Perdomo v. 1430 Inwood Ave. Garage
This text of 2025 NY Slip Op 51429(U) (Perdomo v. 1430 Inwood Ave. Garage) is published on Counsel Stack Legal Research, covering Appellate Terms of the Supreme Court of New York primary law. Counsel Stack provides free access to over 12 million legal documents including statutes, case law, regulations, and constitutions.
Opinion
Perdomo v 1430 Inwood Ave. Garage (2025 NY Slip Op 51429(U)) [*1]
| Perdomo v 1430 Inwood Ave. Garage |
| 2025 NY Slip Op 51429(U) |
| Decided on September 15, 2025 |
| Appellate Term, First Department |
| Published by New York State Law Reporting Bureau pursuant to Judiciary Law § 431. |
| This opinion is uncorrected and will not be published in the printed Official Reports. |
Decided on September 15, 2025
SUPREME COURT, APPELLATE TERM, FIRST DEPARTMENT
PRESENT: Brigantti, J.P., Tisch, James, JJ.
570472/25
against
1430 Inwood Avenue Garage, Defendant-Respondent.

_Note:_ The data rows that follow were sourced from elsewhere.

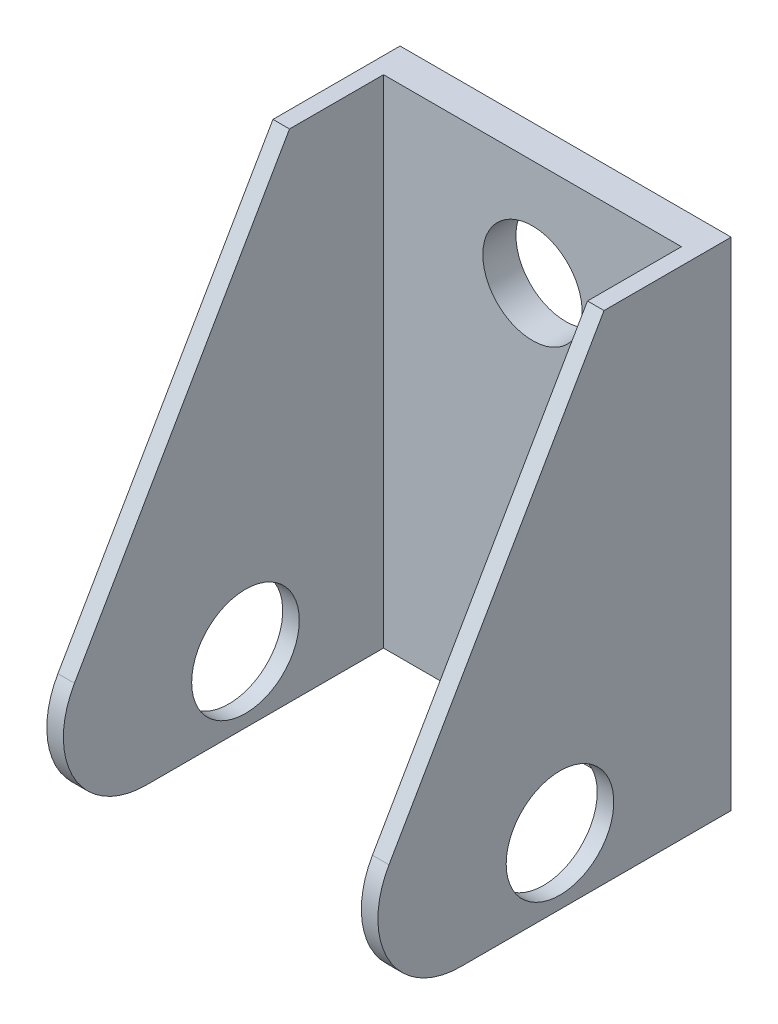
ISO-10303-21;
HEADER;
FILE_DESCRIPTION(('STEP AP214'),'2;1');
FILE_NAME('part.step','',(''),(''),'','','');
FILE_SCHEMA(('AUTOMOTIVE_DESIGN { 1 0 10303 214 1 1 1 1 }'));
ENDSEC;
DATA;
#1=APPLICATION_CONTEXT('core data for automotive mechanical design processes');
#2=APPLICATION_PROTOCOL_DEFINITION('international standard','automotive_design',2000,#1);
#3=PRODUCT_CONTEXT('',#1,'mechanical');
#4=PRODUCT('Part','Part','',(#3));
#5=PRODUCT_RELATED_PRODUCT_CATEGORY('part','',(#4));
#6=PRODUCT_DEFINITION_FORMATION('','',#4);
#7=PRODUCT_DEFINITION_CONTEXT('part definition',#1,'design');
#8=PRODUCT_DEFINITION('design','',#6,#7);
#9=PRODUCT_DEFINITION_SHAPE('','',#8);
#10=(LENGTH_UNIT() NAMED_UNIT(*) SI_UNIT(.MILLI.,.METRE.));
#11=(NAMED_UNIT(*) PLANE_ANGLE_UNIT() SI_UNIT($,.RADIAN.));
#12=(NAMED_UNIT(*) SI_UNIT($,.STERADIAN.) SOLID_ANGLE_UNIT());
#13=UNCERTAINTY_MEASURE_WITH_UNIT(LENGTH_MEASURE(1.E-05),#10,'distance_accuracy_value','');
#14=(GEOMETRIC_REPRESENTATION_CONTEXT(3) GLOBAL_UNCERTAINTY_ASSIGNED_CONTEXT((#13)) GLOBAL_UNIT_ASSIGNED_CONTEXT((#10,
#11,#12)) REPRESENTATION_CONTEXT('',''));
#15=CARTESIAN_POINT('',(0.,0.,0.));
#16=DIRECTION('',(0.,0.,1.));
#17=DIRECTION('',(1.,0.,0.));
#18=AXIS2_PLACEMENT_3D('',#15,#16,#17);
#19=CARTESIAN_POINT('',(10.,-15.,2.));
#20=DIRECTION('',(-1.,0.,0.));
#21=DIRECTION('',(0.,0.,1.));
#22=AXIS2_PLACEMENT_3D('',#19,#20,#21);
#23=PLANE('',#22);
#24=CARTESIAN_POINT('',(10.,-11.,10.3397459621556));
#25=DIRECTION('',(-1.,0.,0.));
#26=DIRECTION('',(0.,0.,1.));
#27=AXIS2_PLACEMENT_3D('',#24,#25,#26);
#28=CIRCLE('',#27,3.25);
#29=CARTESIAN_POINT('',(10.,-11.,13.5897459621556));
#30=VERTEX_POINT('',#29);
#31=EDGE_CURVE('E308',#30,#30,#28,.T.);
#32=ORIENTED_EDGE('',*,*,#31,.T.);
#33=EDGE_LOOP('',(#32));
#34=FACE_BOUND('',#33,.T.);
#35=DIRECTION('',(0.,-0.866025403784436,0.500000000000004));
#36=VECTOR('',#35,1.);
#37=CARTESIAN_POINT('',(10.,-15.,25.));
#38=LINE('',#37,#36);
#39=CARTESIAN_POINT('',(10.,15.,7.67949192431104));
#40=VERTEX_POINT('',#39);
#41=CARTESIAN_POINT('',(10.,-7.49999999999998,20.6698729810777));
#42=VERTEX_POINT('',#41);
#43=EDGE_CURVE('E141',#40,#42,#38,.T.);
#44=ORIENTED_EDGE('',*,*,#43,.T.);
#45=CARTESIAN_POINT('',(10.,-9.99999999999999,16.3397459621556));
#46=DIRECTION('',(-1.,0.,0.));
#47=DIRECTION('',(0.,0.,1.));
#48=AXIS2_PLACEMENT_3D('',#45,#46,#47);
#49=CIRCLE('',#48,5.);
#50=CARTESIAN_POINT('',(10.,-15.,16.3397459621556));
#51=VERTEX_POINT('',#50);
#52=EDGE_CURVE('E63',#42,#51,#49,.F.);
#53=ORIENTED_EDGE('',*,*,#52,.T.);
#54=DIRECTION('',(0.,0.,-1.));
#55=VECTOR('',#54,1.);
#56=CARTESIAN_POINT('',(10.,-15.,2.));
#57=LINE('',#56,#55);
#58=CARTESIAN_POINT('',(10.,-15.,0.));
#59=VERTEX_POINT('',#58);
#60=EDGE_CURVE('E195',#51,#59,#57,.T.);
#61=ORIENTED_EDGE('',*,*,#60,.T.);
#62=DIRECTION('',(0.,1.,0.));
#63=VECTOR('',#62,1.);
#64=CARTESIAN_POINT('',(10.,-15.,0.));
#65=LINE('',#64,#63);
#66=CARTESIAN_POINT('',(10.,15.,0.));
#67=VERTEX_POINT('',#66);
#68=EDGE_CURVE('E185',#59,#67,#65,.T.);
#69=ORIENTED_EDGE('',*,*,#68,.T.);
#70=DIRECTION('',(0.,0.,-1.));
#71=VECTOR('',#70,1.);
#72=CARTESIAN_POINT('',(10.,15.,2.));
#73=LINE('',#72,#71);
#74=EDGE_CURVE('E128',#40,#67,#73,.T.);
#75=ORIENTED_EDGE('',*,*,#74,.F.);
#76=EDGE_LOOP('',(#44,#53,#61,#69,#75));
#77=FACE_BOUND('',#76,.T.);
#78=ADVANCED_FACE('F39',(#34,#77),#23,.F.);
#79=CARTESIAN_POINT('',(-10.,15.,2.));
#80=DIRECTION('',(0.,-1.,0.));
#81=DIRECTION('',(0.,0.,-1.));
#82=AXIS2_PLACEMENT_3D('',#79,#80,#81);
#83=PLANE('',#82);
#84=DIRECTION('',(-1.,0.,0.));
#85=VECTOR('',#84,1.);
#86=CARTESIAN_POINT('',(-10.,15.,0.));
#87=LINE('',#86,#85);
#88=CARTESIAN_POINT('',(-10.,15.,0.));
#89=VERTEX_POINT('',#88);
#90=EDGE_CURVE('E122',#67,#89,#87,.T.);
#91=ORIENTED_EDGE('',*,*,#90,.T.);
#92=DIRECTION('',(0.,0.,-1.));
#93=VECTOR('',#92,1.);
#94=CARTESIAN_POINT('',(-10.,15.,2.));
#95=LINE('',#94,#93);
#96=CARTESIAN_POINT('',(-10.,15.,7.67949192431104));
#97=VERTEX_POINT('',#96);
#98=EDGE_CURVE('E115',#97,#89,#95,.T.);
#99=ORIENTED_EDGE('',*,*,#98,.F.);
#100=DIRECTION('',(1.,0.,0.));
#101=VECTOR('',#100,1.);
#102=CARTESIAN_POINT('',(-10.,15.,7.67949192431104));
#103=LINE('',#102,#101);
#104=CARTESIAN_POINT('',(-9.,15.,7.67949192431104));
#105=VERTEX_POINT('',#104);
#106=EDGE_CURVE('E119',#97,#105,#103,.T.);
#107=ORIENTED_EDGE('',*,*,#106,.T.);
#108=DIRECTION('',(0.,0.,1.));
#109=VECTOR('',#108,1.);
#110=CARTESIAN_POINT('',(-9.,15.,2.));
#111=LINE('',#110,#109);
#112=CARTESIAN_POINT('',(-9.,15.,2.));
#113=VERTEX_POINT('',#112);
#114=EDGE_CURVE('E148',#113,#105,#111,.T.);
#115=ORIENTED_EDGE('',*,*,#114,.F.);
#116=DIRECTION('',(-1.,0.,0.));
#117=VECTOR('',#116,1.);
#118=CARTESIAN_POINT('',(-10.,15.,2.));
#119=LINE('',#118,#117);
#120=CARTESIAN_POINT('',(9.,15.,2.));
#121=VERTEX_POINT('',#120);
#122=EDGE_CURVE('E186',#121,#113,#119,.T.);
#123=ORIENTED_EDGE('',*,*,#122,.F.);
#124=DIRECTION('',(0.,0.,1.));
#125=VECTOR('',#124,1.);
#126=CARTESIAN_POINT('',(9.,15.,2.));
#127=LINE('',#126,#125);
#128=CARTESIAN_POINT('',(9.,15.,7.67949192431104));
#129=VERTEX_POINT('',#128);
#130=EDGE_CURVE('E175',#121,#129,#127,.T.);
#131=ORIENTED_EDGE('',*,*,#130,.T.);
#132=DIRECTION('',(1.,0.,0.));
#133=VECTOR('',#132,1.);
#134=CARTESIAN_POINT('',(9.,15.,7.67949192431104));
#135=LINE('',#134,#133);
#136=EDGE_CURVE('E179',#129,#40,#135,.T.);
#137=ORIENTED_EDGE('',*,*,#136,.T.);
#138=ORIENTED_EDGE('',*,*,#74,.T.);
#139=EDGE_LOOP('',(#91,#99,#107,#115,#123,#131,#137,#138));
#140=FACE_BOUND('',#139,.T.);
#141=ADVANCED_FACE('F117',(#140),#83,.F.);
#142=CARTESIAN_POINT('',(-10.,-15.,2.));
#143=DIRECTION('',(1.,0.,0.));
#144=DIRECTION('',(0.,0.,-1.));
#145=AXIS2_PLACEMENT_3D('',#142,#143,#144);
#146=PLANE('',#145);
#147=CARTESIAN_POINT('',(-10.,-11.,10.3397459621556));
#148=DIRECTION('',(-1.,0.,0.));
#149=DIRECTION('',(0.,0.,1.));
#150=AXIS2_PLACEMENT_3D('',#147,#148,#149);
#151=CIRCLE('',#150,3.25);
#152=CARTESIAN_POINT('',(-10.,-11.,13.5897459621556));
#153=VERTEX_POINT('',#152);
#154=EDGE_CURVE('E303',#153,#153,#151,.T.);
#155=ORIENTED_EDGE('',*,*,#154,.F.);
#156=EDGE_LOOP('',(#155));
#157=FACE_BOUND('',#156,.T.);
#158=DIRECTION('',(0.,0.,-1.));
#159=VECTOR('',#158,1.);
#160=CARTESIAN_POINT('',(-10.,-15.,2.));
#161=LINE('',#160,#159);
#162=CARTESIAN_POINT('',(-10.,-15.,16.3397459621556));
#163=VERTEX_POINT('',#162);
#164=CARTESIAN_POINT('',(-10.,-15.,0.));
#165=VERTEX_POINT('',#164);
#166=EDGE_CURVE('E129',#163,#165,#161,.T.);
#167=ORIENTED_EDGE('',*,*,#166,.F.);
#168=CARTESIAN_POINT('',(-10.,-9.99999999999999,16.3397459621556));
#169=DIRECTION('',(1.,0.,0.));
#170=DIRECTION('',(0.,0.,-1.));
#171=AXIS2_PLACEMENT_3D('',#168,#169,#170);
#172=CIRCLE('',#171,5.);
#173=CARTESIAN_POINT('',(-10.,-7.49999999999998,20.6698729810777));
#174=VERTEX_POINT('',#173);
#175=EDGE_CURVE('E146',#163,#174,#172,.F.);
#176=ORIENTED_EDGE('',*,*,#175,.T.);
#177=DIRECTION('',(0.,-0.866025403784436,0.500000000000004));
#178=VECTOR('',#177,1.);
#179=CARTESIAN_POINT('',(-10.,-15.,25.));
#180=LINE('',#179,#178);
#181=EDGE_CURVE('E135',#97,#174,#180,.T.);
#182=ORIENTED_EDGE('',*,*,#181,.F.);
#183=ORIENTED_EDGE('',*,*,#98,.T.);
#184=DIRECTION('',(0.,-1.,0.));
#185=VECTOR('',#184,1.);
#186=CARTESIAN_POINT('',(-10.,-15.,0.));
#187=LINE('',#186,#185);
#188=EDGE_CURVE('E201',#89,#165,#187,.T.);
#189=ORIENTED_EDGE('',*,*,#188,.T.);
#190=EDGE_LOOP('',(#167,#176,#182,#183,#189));
#191=FACE_BOUND('',#190,.T.);
#192=ADVANCED_FACE('F144',(#157,#191),#146,.F.);
#193=CARTESIAN_POINT('',(-10.,-15.,2.));
#194=DIRECTION('',(0.,1.,0.));
#195=DIRECTION('',(0.,0.,1.));
#196=AXIS2_PLACEMENT_3D('',#193,#194,#195);
#197=PLANE('',#196);
#198=ORIENTED_EDGE('',*,*,#60,.F.);
#199=DIRECTION('',(1.,0.,0.));
#200=VECTOR('',#199,1.);
#201=CARTESIAN_POINT('',(9.,-15.,16.3397459621556));
#202=LINE('',#201,#200);
#203=CARTESIAN_POINT('',(9.,-15.,16.3397459621556));
#204=VERTEX_POINT('',#203);
#205=EDGE_CURVE('E49',#51,#204,#202,.F.);
#206=ORIENTED_EDGE('',*,*,#205,.T.);
#207=DIRECTION('',(0.,0.,-1.));
#208=VECTOR('',#207,1.);
#209=CARTESIAN_POINT('',(9.,-15.,2.));
#210=LINE('',#209,#208);
#211=CARTESIAN_POINT('',(9.,-15.,2.));
#212=VERTEX_POINT('',#211);
#213=EDGE_CURVE('E168',#204,#212,#210,.T.);
#214=ORIENTED_EDGE('',*,*,#213,.T.);
#215=DIRECTION('',(1.,0.,0.));
#216=VECTOR('',#215,1.);
#217=CARTESIAN_POINT('',(-10.,-15.,2.));
#218=LINE('',#217,#216);
#219=CARTESIAN_POINT('',(-9.,-15.,2.));
#220=VERTEX_POINT('',#219);
#221=EDGE_CURVE('E190',#220,#212,#218,.T.);
#222=ORIENTED_EDGE('',*,*,#221,.F.);
#223=DIRECTION('',(0.,0.,-1.));
#224=VECTOR('',#223,1.);
#225=CARTESIAN_POINT('',(-9.,-15.,2.));
#226=LINE('',#225,#224);
#227=CARTESIAN_POINT('',(-9.,-15.,16.3397459621556));
#228=VERTEX_POINT('',#227);
#229=EDGE_CURVE('E159',#228,#220,#226,.T.);
#230=ORIENTED_EDGE('',*,*,#229,.F.);
#231=DIRECTION('',(1.,0.,0.));
#232=VECTOR('',#231,1.);
#233=CARTESIAN_POINT('',(-10.,-15.,16.3397459621556));
#234=LINE('',#233,#232);
#235=EDGE_CURVE('E219',#228,#163,#234,.F.);
#236=ORIENTED_EDGE('',*,*,#235,.T.);
#237=ORIENTED_EDGE('',*,*,#166,.T.);
#238=DIRECTION('',(1.,0.,0.));
#239=VECTOR('',#238,1.);
#240=CARTESIAN_POINT('',(-10.,-15.,0.));
#241=LINE('',#240,#239);
#242=EDGE_CURVE('E191',#165,#59,#241,.T.);
#243=ORIENTED_EDGE('',*,*,#242,.T.);
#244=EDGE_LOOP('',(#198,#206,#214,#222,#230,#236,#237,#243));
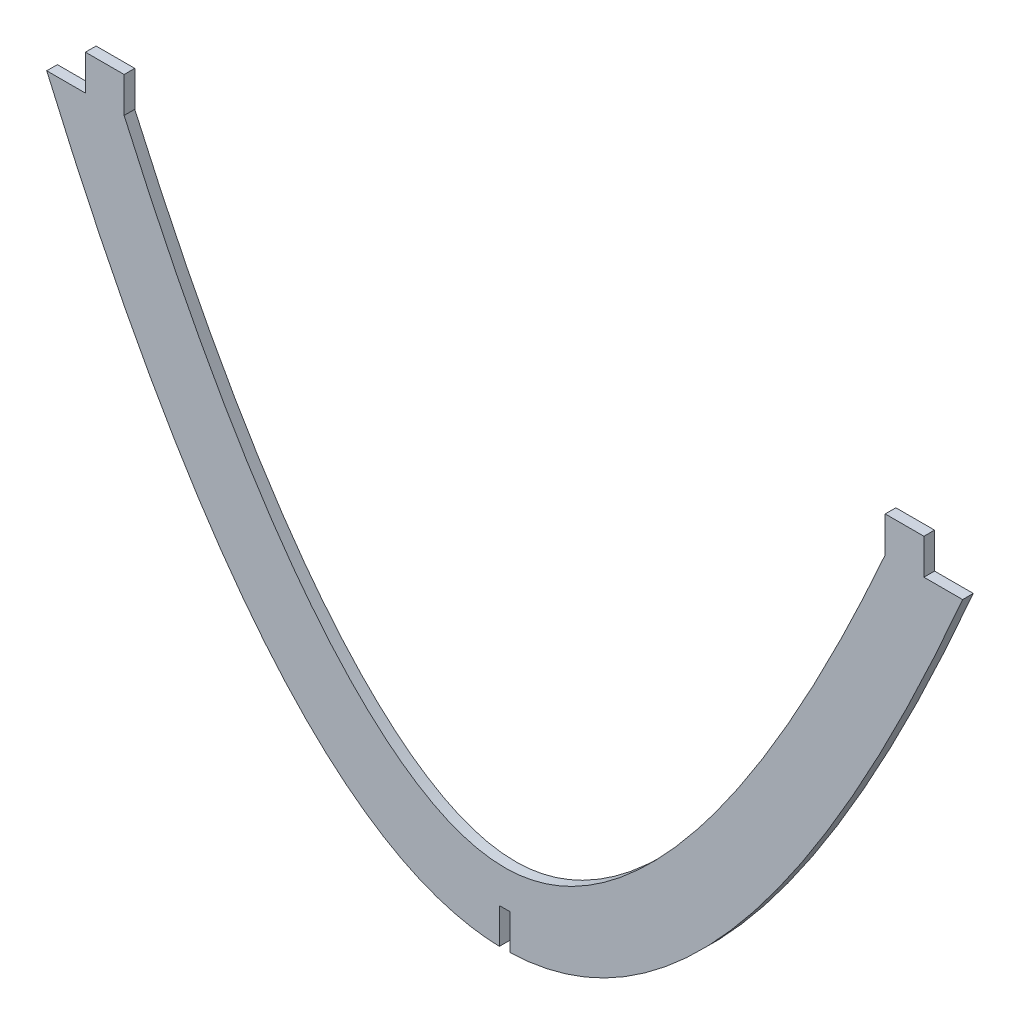
ISO-10303-21;
HEADER;
FILE_DESCRIPTION(('STEP AP214'),'2;1');
FILE_NAME('part.step','',(''),(''),'','','');
FILE_SCHEMA(('AUTOMOTIVE_DESIGN { 1 0 10303 214 1 1 1 1 }'));
ENDSEC;
DATA;
#1=APPLICATION_CONTEXT('core data for automotive mechanical design processes');
#2=APPLICATION_PROTOCOL_DEFINITION('international standard','automotive_design',2000,#1);
#3=PRODUCT_CONTEXT('',#1,'mechanical');
#4=PRODUCT('Part','Part','',(#3));
#5=PRODUCT_RELATED_PRODUCT_CATEGORY('part','',(#4));
#6=PRODUCT_DEFINITION_FORMATION('','',#4);
#7=PRODUCT_DEFINITION_CONTEXT('part definition',#1,'design');
#8=PRODUCT_DEFINITION('design','',#6,#7);
#9=PRODUCT_DEFINITION_SHAPE('','',#8);
#10=(LENGTH_UNIT() NAMED_UNIT(*) SI_UNIT(.MILLI.,.METRE.));
#11=(NAMED_UNIT(*) PLANE_ANGLE_UNIT() SI_UNIT($,.RADIAN.));
#12=(NAMED_UNIT(*) SI_UNIT($,.STERADIAN.) SOLID_ANGLE_UNIT());
#13=UNCERTAINTY_MEASURE_WITH_UNIT(LENGTH_MEASURE(1.E-05),#10,'distance_accuracy_value','');
#14=(GEOMETRIC_REPRESENTATION_CONTEXT(3) GLOBAL_UNCERTAINTY_ASSIGNED_CONTEXT((#13)) GLOBAL_UNIT_ASSIGNED_CONTEXT((#10,
#11,#12)) REPRESENTATION_CONTEXT('',''));
#15=CARTESIAN_POINT('',(0.,0.,0.));
#16=DIRECTION('',(0.,0.,1.));
#17=DIRECTION('',(1.,0.,0.));
#18=AXIS2_PLACEMENT_3D('',#15,#16,#17);
#19=CARTESIAN_POINT('',(-129.099444876063,150.000000005769,3.));
#20=CARTESIAN_POINT('',(-2.715543068188E-09,-149.999999999459,3.));
#21=CARTESIAN_POINT('',(129.099444870632,149.999999993149,3.));
#22=B_SPLINE_CURVE_WITH_KNOTS('',2,(#19,#20,#21),.UNSPECIFIED.,.F.,.F.,(3,3),
(0.0539505103619018,0.946049489619333),.UNSPECIFIED.);
#23=DIRECTION('',(0.,0.,-1.));
#24=VECTOR('',#23,1.);
#25=SURFACE_OF_LINEAR_EXTRUSION('',#22,#24);
#26=DIRECTION('',(0.,0.,-1.));
#27=VECTOR('',#26,1.);
#28=CARTESIAN_POINT('',(1.5,0.0202499999999879,3.));
#29=LINE('',#28,#27);
#30=CARTESIAN_POINT('',(1.5,0.020249999999989,0.));
#31=VERTEX_POINT('',#30);
#32=CARTESIAN_POINT('',(1.5,0.020249999999989,3.));
#33=VERTEX_POINT('',#32);
#34=EDGE_CURVE('E259',#31,#33,#29,.F.);
#35=ORIENTED_EDGE('',*,*,#34,.F.);
#36=CARTESIAN_POINT('',(-129.099444876063,150.000000005769,0.));
#37=CARTESIAN_POINT('',(-2.715543068188E-09,-149.999999999459,0.));
#38=CARTESIAN_POINT('',(129.099444870632,149.999999993149,0.));
#39=B_SPLINE_CURVE_WITH_KNOTS('',2,(#36,#37,#38),.UNSPECIFIED.,.F.,.F.,(3,3),
(0.0539505103619018,0.946049489619333),.UNSPECIFIED.);
#40=CARTESIAN_POINT('',(129.099444870632,149.999999993149,0.));
#41=VERTEX_POINT('',#40);
#42=EDGE_CURVE('E314',#31,#41,#39,.T.);
#43=ORIENTED_EDGE('',*,*,#42,.T.);
#44=DIRECTION('',(0.,0.,-1.));
#45=VECTOR('',#44,1.);
#46=CARTESIAN_POINT('',(129.099444870632,149.999999993149,3.));
#47=LINE('',#46,#45);
#48=CARTESIAN_POINT('',(129.099444870632,149.999999993149,3.));
#49=VERTEX_POINT('',#48);
#50=EDGE_CURVE('E144',#49,#41,#47,.T.);
#51=ORIENTED_EDGE('',*,*,#50,.F.);
#52=EDGE_CURVE('E159',#33,#49,#22,.T.);
#53=ORIENTED_EDGE('',*,*,#52,.F.);
#54=EDGE_LOOP('',(#35,#43,#51,#53));
#55=FACE_BOUND('',#54,.T.);
#56=ADVANCED_FACE('F39',(#55),#25,.F.);
#57=DIRECTION('',(0.,0.,-1.));
#58=VECTOR('',#57,1.);
#59=CARTESIAN_POINT('',(-1.49986335607809,0.0202463107821336,3.));
#60=LINE('',#59,#58);
#61=CARTESIAN_POINT('',(-1.4998633560781,0.0202463107821342,3.));
#62=VERTEX_POINT('',#61);
#63=CARTESIAN_POINT('',(-1.49986335607809,0.0202463107821336,0.));
#64=VERTEX_POINT('',#63);
#65=EDGE_CURVE('E55',#62,#64,#60,.T.);
#66=ORIENTED_EDGE('',*,*,#65,.F.);
#67=CARTESIAN_POINT('',(-129.099444876063,150.000000005769,3.));
#68=VERTEX_POINT('',#67);
#69=EDGE_CURVE('E164',#68,#62,#22,.T.);
#70=ORIENTED_EDGE('',*,*,#69,.F.);
#71=DIRECTION('',(0.,0.,-1.));
#72=VECTOR('',#71,1.);
#73=CARTESIAN_POINT('',(-129.099444876063,150.000000005769,3.));
#74=LINE('',#73,#72);
#75=CARTESIAN_POINT('',(-129.099444876063,150.000000005769,0.));
#76=VERTEX_POINT('',#75);
#77=EDGE_CURVE('E48',#68,#76,#74,.T.);
#78=ORIENTED_EDGE('',*,*,#77,.T.);
#79=EDGE_CURVE('E258',#76,#64,#39,.T.);
#80=ORIENTED_EDGE('',*,*,#79,.T.);
#81=EDGE_LOOP('',(#66,#70,#78,#80));
#82=FACE_BOUND('',#81,.T.);
#83=ADVANCED_FACE('F182',(#82),#25,.F.);
#84=CARTESIAN_POINT('',(-1.68496325832906E-09,19.9978447571531,3.));
#85=DIRECTION('',(0.,0.,-1.));
#86=DIRECTION('',(-1.,0.,0.));
#87=AXIS2_PLACEMENT_3D('',#84,#85,#86);
#88=PLANE('',#87);
#89=DIRECTION('',(0.,1.,0.));
#90=VECTOR('',#89,1.);
#91=CARTESIAN_POINT('',(1.5,19.9978447571531,3.));
#92=LINE('',#91,#90);
#93=CARTESIAN_POINT('',(1.5,9.99892237931655,3.));
#94=VERTEX_POINT('',#93);
#95=EDGE_CURVE('E263',#33,#94,#92,.T.);
#96=ORIENTED_EDGE('',*,*,#95,.F.);
#97=ORIENTED_EDGE('',*,*,#52,.T.);
#98=DIRECTION('',(1.,0.,0.));
#99=VECTOR('',#98,1.);
#100=CARTESIAN_POINT('',(118.189248572033,149.999999993267,3.));
#101=LINE('',#100,#99);
#102=CARTESIAN_POINT('',(118.189248572033,149.999999993267,3.));
#103=VERTEX_POINT('',#102);
#104=EDGE_CURVE('E138',#103,#49,#101,.T.);
#105=ORIENTED_EDGE('',*,*,#104,.F.);
#106=DIRECTION('',(0.,1.,0.));
#107=VECTOR('',#106,1.);
#108=CARTESIAN_POINT('',(118.189248572033,149.999999993267,3.));
#109=LINE('',#108,#107);
#110=CARTESIAN_POINT('',(118.189248572033,159.999999993385,3.));
#111=VERTEX_POINT('',#110);
#112=EDGE_CURVE('E148',#103,#111,#109,.T.);
#113=ORIENTED_EDGE('',*,*,#112,.T.);
#114=DIRECTION('',(-1.,0.,0.));
#115=VECTOR('',#114,1.);
#116=CARTESIAN_POINT('',(118.189248572033,159.999999993385,3.));
#117=LINE('',#116,#115);
#118=CARTESIAN_POINT('',(107.279052273317,159.999999993385,3.));
#119=VERTEX_POINT('',#118);
#120=EDGE_CURVE('E154',#111,#119,#117,.T.);
#121=ORIENTED_EDGE('',*,*,#120,.T.);
#122=DIRECTION('',(0.,-1.,0.));
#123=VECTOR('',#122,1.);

Plaintiff appeals from a judgment of the Small Claims Part of the Civil Court of the City of New York, Bronx County (Jessica I. Bourbon, J.), entered May 22, 2024, after trial, in favor of defendant dismissing the action.
Per Curiam.
Judgment (Jessica I. Bourbon, J.), entered May 22, 2024, reversed, without costs, and a new trial ordered.
Plaintiff instituted this small claims action to recover $2,500 for property damage sustained to the bumper of her vehicle while it was parked in defendant's garage. At trial, plaintiff testified that, as a monthly customer, she left the car in front of the garage and handed the key to the attendant, who parked the car for her. When plaintiff needed her car, she would call the garage and the attendant would "take it out again" and bring it to the exit. Following a trial in which the Civil Court found plaintiff to be "overall credible," the action was dismissed.
The dismissal of the action, upon a finding that plaintiff failed to establish by a preponderance of the evidence that defendant caused damage to her automobile, did not achieve substantial justice between the parties consistent with substantive law principles (see CCA 1804, 1807). The court should have considered the central issue of whether the parking transaction constituted a bailment (see Chubb & Son v Edelweiss, Inc.,258 AD2d 345[1999]; Akinde v Vernon Manor Coop Section 1, 85 Misc 3d 134[A], 2025 NY Slip Op 50477[U] [App Term, 2d Dept, 9th & 10th Jud Dists 2025]), thereby creating a presumption of negligence and shifting the burden to the garage to show that it was not negligent (see Hoffman v M & C Getty, Inc., 29 Misc 3d 137[A], 2010 NY Slip Op 52024[U] [App Term, 2d Dept, 9th & 10th Jud Dists 2010]). Since the court did not make any findings on this issue, we deem it appropriate to
remand for a new trial.
THIS CONSTITUTES THE DECISION AND ORDER OF THE COURT.